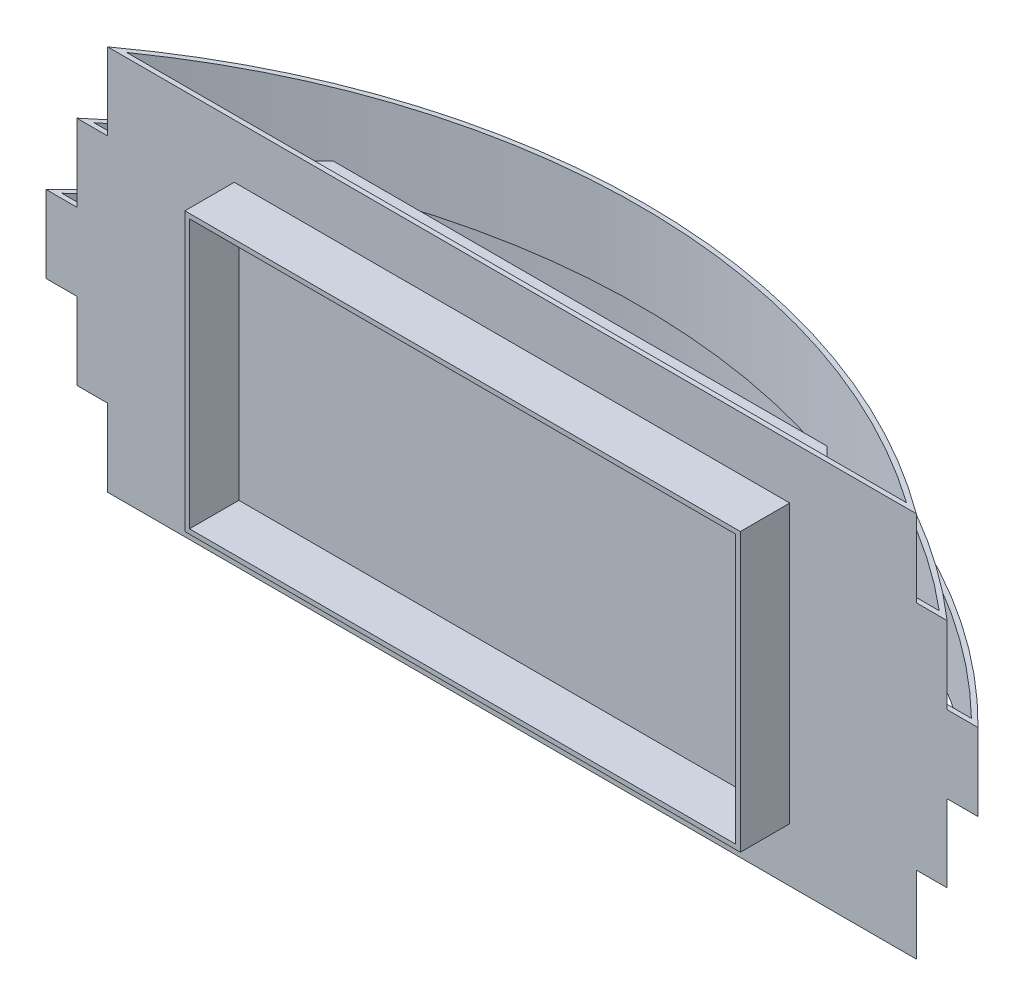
ISO-10303-21;
HEADER;
FILE_DESCRIPTION(('STEP AP214'),'2;1');
FILE_NAME('part.step','',(''),(''),'','','');
FILE_SCHEMA(('AUTOMOTIVE_DESIGN { 1 0 10303 214 1 1 1 1 }'));
ENDSEC;
DATA;
#1=APPLICATION_CONTEXT('core data for automotive mechanical design processes');
#2=APPLICATION_PROTOCOL_DEFINITION('international standard','automotive_design',2000,#1);
#3=PRODUCT_CONTEXT('',#1,'mechanical');
#4=PRODUCT('Part','Part','',(#3));
#5=PRODUCT_RELATED_PRODUCT_CATEGORY('part','',(#4));
#6=PRODUCT_DEFINITION_FORMATION('','',#4);
#7=PRODUCT_DEFINITION_CONTEXT('part definition',#1,'design');
#8=PRODUCT_DEFINITION('design','',#6,#7);
#9=PRODUCT_DEFINITION_SHAPE('','',#8);
#10=(LENGTH_UNIT() NAMED_UNIT(*) SI_UNIT(.MILLI.,.METRE.));
#11=(NAMED_UNIT(*) PLANE_ANGLE_UNIT() SI_UNIT($,.RADIAN.));
#12=(NAMED_UNIT(*) SI_UNIT($,.STERADIAN.) SOLID_ANGLE_UNIT());
#13=UNCERTAINTY_MEASURE_WITH_UNIT(LENGTH_MEASURE(1.E-05),#10,'distance_accuracy_value','');
#14=(GEOMETRIC_REPRESENTATION_CONTEXT(3) GLOBAL_UNCERTAINTY_ASSIGNED_CONTEXT((#13)) GLOBAL_UNIT_ASSIGNED_CONTEXT((#10,
#11,#12)) REPRESENTATION_CONTEXT('',''));
#15=CARTESIAN_POINT('',(0.,0.,0.));
#16=DIRECTION('',(0.,0.,1.));
#17=DIRECTION('',(1.,0.,0.));
#18=AXIS2_PLACEMENT_3D('',#15,#16,#17);
#19=CARTESIAN_POINT('',(-151.,-12.5,0.));
#20=DIRECTION('',(0.,0.,1.));
#21=DIRECTION('',(1.,0.,0.));
#22=AXIS2_PLACEMENT_3D('',#19,#20,#21);
#23=PLANE('',#22);
#24=DIRECTION('',(1.,0.,0.));
#25=VECTOR('',#24,1.);
#26=CARTESIAN_POINT('',(-141.,-37.5,0.));
#27=LINE('',#26,#25);
#28=CARTESIAN_POINT('',(-141.,-37.5,0.));
#29=VERTEX_POINT('',#28);
#30=CARTESIAN_POINT('',(-131.,-37.5,0.));
#31=VERTEX_POINT('',#30);
#32=EDGE_CURVE('E534',#29,#31,#27,.T.);
#33=ORIENTED_EDGE('',*,*,#32,.T.);
#34=DIRECTION('',(0.,1.,0.));
#35=VECTOR('',#34,1.);
#36=CARTESIAN_POINT('',(-131.,-62.5,0.));
#37=LINE('',#36,#35);
#38=CARTESIAN_POINT('',(-131.,-62.5,0.));
#39=VERTEX_POINT('',#38);
#40=EDGE_CURVE('E498',#39,#31,#37,.T.);
#41=ORIENTED_EDGE('',*,*,#40,.F.);
#42=DIRECTION('',(1.,0.,0.));
#43=VECTOR('',#42,1.);
#44=CARTESIAN_POINT('',(-131.,-62.5,0.));
#45=LINE('',#44,#43);
#46=CARTESIAN_POINT('',(131.,-62.5,0.));
#47=VERTEX_POINT('',#46);
#48=EDGE_CURVE('E494',#39,#47,#45,.T.);
#49=ORIENTED_EDGE('',*,*,#48,.T.);
#50=DIRECTION('',(0.,1.,0.));
#51=VECTOR('',#50,1.);
#52=CARTESIAN_POINT('',(131.,-62.5,0.));
#53=LINE('',#52,#51);
#54=CARTESIAN_POINT('',(131.,-37.5,0.));
#55=VERTEX_POINT('',#54);
#56=EDGE_CURVE('E505',#47,#55,#53,.T.);
#57=ORIENTED_EDGE('',*,*,#56,.T.);
#58=CARTESIAN_POINT('',(141.,-37.5,0.));
#59=VERTEX_POINT('',#58);
#60=EDGE_CURVE('E533',#55,#59,#27,.T.);
#61=ORIENTED_EDGE('',*,*,#60,.T.);
#62=DIRECTION('',(0.,1.,0.));
#63=VECTOR('',#62,1.);
#64=CARTESIAN_POINT('',(141.,-37.5,0.));
#65=LINE('',#64,#63);
#66=CARTESIAN_POINT('',(141.,-12.5,0.));
#67=VERTEX_POINT('',#66);
#68=EDGE_CURVE('E545',#59,#67,#65,.T.);
#69=ORIENTED_EDGE('',*,*,#68,.T.);
#70=DIRECTION('',(1.,0.,0.));
#71=VECTOR('',#70,1.);
#72=CARTESIAN_POINT('',(-151.,-12.5,0.));
#73=LINE('',#72,#71);
#74=CARTESIAN_POINT('',(151.,-12.5,0.));
#75=VERTEX_POINT('',#74);
#76=EDGE_CURVE('E680',#67,#75,#73,.T.);
#77=ORIENTED_EDGE('',*,*,#76,.T.);
#78=DIRECTION('',(0.,1.,0.));
#79=VECTOR('',#78,1.);
#80=CARTESIAN_POINT('',(151.,-12.5,0.));
#81=LINE('',#80,#79);
#82=CARTESIAN_POINT('',(151.,12.5,0.));
#83=VERTEX_POINT('',#82);
#84=EDGE_CURVE('E686',#75,#83,#81,.T.);
#85=ORIENTED_EDGE('',*,*,#84,.T.);
#86=DIRECTION('',(1.,0.,0.));
#87=VECTOR('',#86,1.);
#88=CARTESIAN_POINT('',(-151.,12.5,0.));
#89=LINE('',#88,#87);
#90=CARTESIAN_POINT('',(141.,12.5,0.));
#91=VERTEX_POINT('',#90);
#92=EDGE_CURVE('E655',#91,#83,#89,.T.);
#93=ORIENTED_EDGE('',*,*,#92,.F.);
#94=DIRECTION('',(0.,-1.,0.));
#95=VECTOR('',#94,1.);
#96=CARTESIAN_POINT('',(141.,37.5,0.));
#97=LINE('',#96,#95);
#98=CARTESIAN_POINT('',(141.,37.5,0.));
#99=VERTEX_POINT('',#98);
#100=EDGE_CURVE('E626',#99,#91,#97,.T.);
#101=ORIENTED_EDGE('',*,*,#100,.F.);
#102=DIRECTION('',(1.,0.,0.));
#103=VECTOR('',#102,1.);
#104=CARTESIAN_POINT('',(-141.,37.5,0.));
#105=LINE('',#104,#103);
#106=CARTESIAN_POINT('',(131.,37.5,0.));
#107=VERTEX_POINT('',#106);
#108=EDGE_CURVE('E621',#107,#99,#105,.T.);
#109=ORIENTED_EDGE('',*,*,#108,.F.);
#110=DIRECTION('',(0.,-1.,0.));
#111=VECTOR('',#110,1.);
#112=CARTESIAN_POINT('',(131.,62.5,0.));
#113=LINE('',#112,#111);
#114=CARTESIAN_POINT('',(131.,62.5,0.));
#115=VERTEX_POINT('',#114);
#116=EDGE_CURVE('E581',#115,#107,#113,.T.);
#117=ORIENTED_EDGE('',*,*,#116,.F.);
#118=DIRECTION('',(1.,0.,0.));
#119=VECTOR('',#118,1.);
#120=CARTESIAN_POINT('',(-131.,62.5,0.));
#121=LINE('',#120,#119);
#122=CARTESIAN_POINT('',(-131.,62.5,0.));
#123=VERTEX_POINT('',#122);
#124=EDGE_CURVE('E578',#123,#115,#121,.T.);
#125=ORIENTED_EDGE('',*,*,#124,.F.);
#126=DIRECTION('',(0.,-1.,0.));
#127=VECTOR('',#126,1.);
#128=CARTESIAN_POINT('',(-131.,62.5,0.));
#129=LINE('',#128,#127);
#130=CARTESIAN_POINT('',(-131.,37.5,0.));
#131=VERTEX_POINT('',#130);
#132=EDGE_CURVE('E587',#123,#131,#129,.T.);
#133=ORIENTED_EDGE('',*,*,#132,.T.);
#134=CARTESIAN_POINT('',(-141.,37.5,0.));
#135=VERTEX_POINT('',#134);
#136=EDGE_CURVE('E622',#135,#131,#105,.T.);
#137=ORIENTED_EDGE('',*,*,#136,.F.);
#138=DIRECTION('',(0.,-1.,0.));
#139=VECTOR('',#138,1.);
#140=CARTESIAN_POINT('',(-141.,37.5,0.));
#141=LINE('',#140,#139);
#142=CARTESIAN_POINT('',(-141.,12.5,0.));
#143=VERTEX_POINT('',#142);
#144=EDGE_CURVE('E632',#135,#143,#141,.T.);
#145=ORIENTED_EDGE('',*,*,#144,.T.);
#146=CARTESIAN_POINT('',(-151.,12.5,0.));
#147=VERTEX_POINT('',#146);
#148=EDGE_CURVE('E656',#147,#143,#89,.T.);
#149=ORIENTED_EDGE('',*,*,#148,.F.);
#150=DIRECTION('',(0.,1.,0.));
#151=VECTOR('',#150,1.);
#152=CARTESIAN_POINT('',(-151.,-12.5,0.));
#153=LINE('',#152,#151);
#154=CARTESIAN_POINT('',(-151.,-12.5,0.));
#155=VERTEX_POINT('',#154);
#156=EDGE_CURVE('E685',#155,#147,#153,.T.);
#157=ORIENTED_EDGE('',*,*,#156,.F.);
#158=CARTESIAN_POINT('',(-141.,-12.5,0.));
#159=VERTEX_POINT('',#158);
#160=EDGE_CURVE('E681',#155,#159,#73,.T.);
#161=ORIENTED_EDGE('',*,*,#160,.T.);
#162=DIRECTION('',(0.,1.,0.));
#163=VECTOR('',#162,1.);
#164=CARTESIAN_POINT('',(-141.,-37.5,0.));
#165=LINE('',#164,#163);
#166=EDGE_CURVE('E538',#29,#159,#165,.T.);
#167=ORIENTED_EDGE('',*,*,#166,.F.);
#168=EDGE_LOOP('',(#33,#41,#49,#57,#61,#69,#77,#85,#93,#101,#109,#117,#125,#133,#137,#145,#149,
#157,#161,#167));
#169=FACE_BOUND('',#168,.T.);
#170=DIRECTION('',(-1.,0.,0.));
#171=VECTOR('',#170,1.);
#172=CARTESIAN_POINT('',(-90.,45.,0.));
#173=LINE('',#172,#171);
#174=CARTESIAN_POINT('',(90.,45.,0.));
#175=VERTEX_POINT('',#174);
#176=CARTESIAN_POINT('',(-90.,45.,0.));
#177=VERTEX_POINT('',#176);
#178=EDGE_CURVE('E449',#175,#177,#173,.T.);
#179=ORIENTED_EDGE('',*,*,#178,.F.);
#180=DIRECTION('',(0.,1.,0.));
#181=VECTOR('',#180,1.);
#182=CARTESIAN_POINT('',(90.,45.,0.));
#183=LINE('',#182,#181);
#184=CARTESIAN_POINT('',(90.,-45.,0.));
#185=VERTEX_POINT('',#184);
#186=EDGE_CURVE('E430',#185,#175,#183,.T.);
#187=ORIENTED_EDGE('',*,*,#186,.F.);
#188=DIRECTION('',(1.,0.,0.));
#189=VECTOR('',#188,1.);
#190=CARTESIAN_POINT('',(-90.,-45.,0.));
#191=LINE('',#190,#189);
#192=CARTESIAN_POINT('',(-90.,-45.,0.));
#193=VERTEX_POINT('',#192);
#194=EDGE_CURVE('E436',#193,#185,#191,.T.);
#195=ORIENTED_EDGE('',*,*,#194,.F.);
#196=DIRECTION('',(0.,-1.,0.));
#197=VECTOR('',#196,1.);
#198=CARTESIAN_POINT('',(-90.,45.,0.));
#199=LINE('',#198,#197);
#200=EDGE_CURVE('E452',#177,#193,#199,.T.);
#201=ORIENTED_EDGE('',*,*,#200,.F.);
#202=EDGE_LOOP('',(#179,#187,#195,#201));
#203=FACE_BOUND('',#202,.T.);
#204=ADVANCED_FACE('F41',(#169,#203),#23,.T.);
#205=CARTESIAN_POINT('',(0.,37.5,161.036771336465));
#206=DIRECTION('',(0.,1.,0.));
#207=DIRECTION('',(0.,0.,1.));
#208=AXIS2_PLACEMENT_3D('',#205,#206,#207);
#209=PLANE('',#208);
#210=ORIENTED_EDGE('',*,*,#136,.T.);
#211=CARTESIAN_POINT('',(0.,37.5,177.838386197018));
#212=DIRECTION('',(0.,1.,0.));
#213=DIRECTION('',(0.,0.,1.));
#214=AXIS2_PLACEMENT_3D('',#211,#212,#213);
#215=CIRCLE('',#214,220.878907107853);
#216=CARTESIAN_POINT('',(-128.938880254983,37.5,-1.5));
#217=VERTEX_POINT('',#216);
#218=EDGE_CURVE('E704',#131,#217,#215,.F.);
#219=ORIENTED_EDGE('',*,*,#218,.T.);
#220=DIRECTION('',(1.,0.,0.));
#221=VECTOR('',#220,1.);
#222=CARTESIAN_POINT('',(-136.951687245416,37.5,-1.5));
#223=LINE('',#222,#221);
#224=CARTESIAN_POINT('',(-136.951687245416,37.5,-1.5));
#225=VERTEX_POINT('',#224);
#226=EDGE_CURVE('E603',#225,#217,#223,.T.);
#227=ORIENTED_EDGE('',*,*,#226,.F.);
#228=CARTESIAN_POINT('',(0.,37.5,161.036771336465));
#229=DIRECTION('',(0.,1.,0.));
#230=DIRECTION('',(0.,0.,1.));
#231=AXIS2_PLACEMENT_3D('',#228,#229,#230);
#232=CIRCLE('',#231,212.541682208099);
#233=CARTESIAN_POINT('',(136.951687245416,37.5,-1.5));
#234=VERTEX_POINT('',#233);
#235=EDGE_CURVE('E598',#234,#225,#232,.T.);
#236=ORIENTED_EDGE('',*,*,#235,.F.);
#237=CARTESIAN_POINT('',(128.938880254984,37.5,-1.5));
#238=VERTEX_POINT('',#237);
#239=EDGE_CURVE('E602',#238,#234,#223,.T.);
#240=ORIENTED_EDGE('',*,*,#239,.F.);
#241=EDGE_CURVE('E699',#238,#107,#215,.F.);
#242=ORIENTED_EDGE('',*,*,#241,.T.);
#243=ORIENTED_EDGE('',*,*,#108,.T.);
#244=CARTESIAN_POINT('',(0.,37.5,161.036771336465));
#245=DIRECTION('',(0.,1.,0.));
#246=DIRECTION('',(0.,0.,1.));
#247=AXIS2_PLACEMENT_3D('',#244,#245,#246);
#248=CIRCLE('',#247,214.041682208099);
#249=EDGE_CURVE('E617',#99,#135,#248,.T.);
#250=ORIENTED_EDGE('',*,*,#249,.T.);
#251=EDGE_LOOP('',(#210,#219,#227,#236,#240,#242,#243,#250));
#252=FACE_BOUND('',#251,.T.);
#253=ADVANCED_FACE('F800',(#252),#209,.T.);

### [What you have to do]
Could you return exactly the lines above from the line with "#155=VERTEX_POINT('',#154);" to the line with "#211=CARTESIAN_POINT('',(0.,37.5,177.838386197018));", both included, and nothing else?

### [Solution to this problem]
#155=VERTEX_POINT('',#154);
#156=EDGE_CURVE('E685',#155,#147,#153,.T.);
#157=ORIENTED_EDGE('',*,*,#156,.F.);
#158=CARTESIAN_POINT('',(-141.,-12.5,0.));
#159=VERTEX_POINT('',#158);
#160=EDGE_CURVE('E681',#155,#159,#73,.T.);
#161=ORIENTED_EDGE('',*,*,#160,.T.);
#162=DIRECTION('',(0.,1.,0.));
#163=VECTOR('',#162,1.);
#164=CARTESIAN_POINT('',(-141.,-37.5,0.));
#165=LINE('',#164,#163);
#166=EDGE_CURVE('E538',#29,#159,#165,.T.);
#167=ORIENTED_EDGE('',*,*,#166,.F.);
#168=EDGE_LOOP('',(#33,#41,#49,#57,#61,#69,#77,#85,#93,#101,#109,#117,#125,#133,#137,#145,#149,
#157,#161,#167));
#169=FACE_BOUND('',#168,.T.);
#170=DIRECTION('',(-1.,0.,0.));
#171=VECTOR('',#170,1.);
#172=CARTESIAN_POINT('',(-90.,45.,0.));
#173=LINE('',#172,#171);
#174=CARTESIAN_POINT('',(90.,45.,0.));
#175=VERTEX_POINT('',#174);
#176=CARTESIAN_POINT('',(-90.,45.,0.));
#177=VERTEX_POINT('',#176);
#178=EDGE_CURVE('E449',#175,#177,#173,.T.);
#179=ORIENTED_EDGE('',*,*,#178,.F.);
#180=DIRECTION('',(0.,1.,0.));
#181=VECTOR('',#180,1.);
#182=CARTESIAN_POINT('',(90.,45.,0.));
#183=LINE('',#182,#181);
#184=CARTESIAN_POINT('',(90.,-45.,0.));
#185=VERTEX_POINT('',#184);
#186=EDGE_CURVE('E430',#185,#175,#183,.T.);
#187=ORIENTED_EDGE('',*,*,#186,.F.);
#188=DIRECTION('',(1.,0.,0.));
#189=VECTOR('',#188,1.);
#190=CARTESIAN_POINT('',(-90.,-45.,0.));
#191=LINE('',#190,#189);
#192=CARTESIAN_POINT('',(-90.,-45.,0.));
#193=VERTEX_POINT('',#192);
#194=EDGE_CURVE('E436',#193,#185,#191,.T.);
#195=ORIENTED_EDGE('',*,*,#194,.F.);
#196=DIRECTION('',(0.,-1.,0.));
#197=VECTOR('',#196,1.);
#198=CARTESIAN_POINT('',(-90.,45.,0.));
#199=LINE('',#198,#197);
#200=EDGE_CURVE('E452',#177,#193,#199,.T.);
#201=ORIENTED_EDGE('',*,*,#200,.F.);
#202=EDGE_LOOP('',(#179,#187,#195,#201));
#203=FACE_BOUND('',#202,.T.);
#204=ADVANCED_FACE('F41',(#169,#203),#23,.T.);
#205=CARTESIAN_POINT('',(0.,37.5,161.036771336465));
#206=DIRECTION('',(0.,1.,0.));
#207=DIRECTION('',(0.,0.,1.));
#208=AXIS2_PLACEMENT_3D('',#205,#206,#207);
#209=PLANE('',#208);
#210=ORIENTED_EDGE('',*,*,#136,.T.);
#211=CARTESIAN_POINT('',(0.,37.5,177.838386197018));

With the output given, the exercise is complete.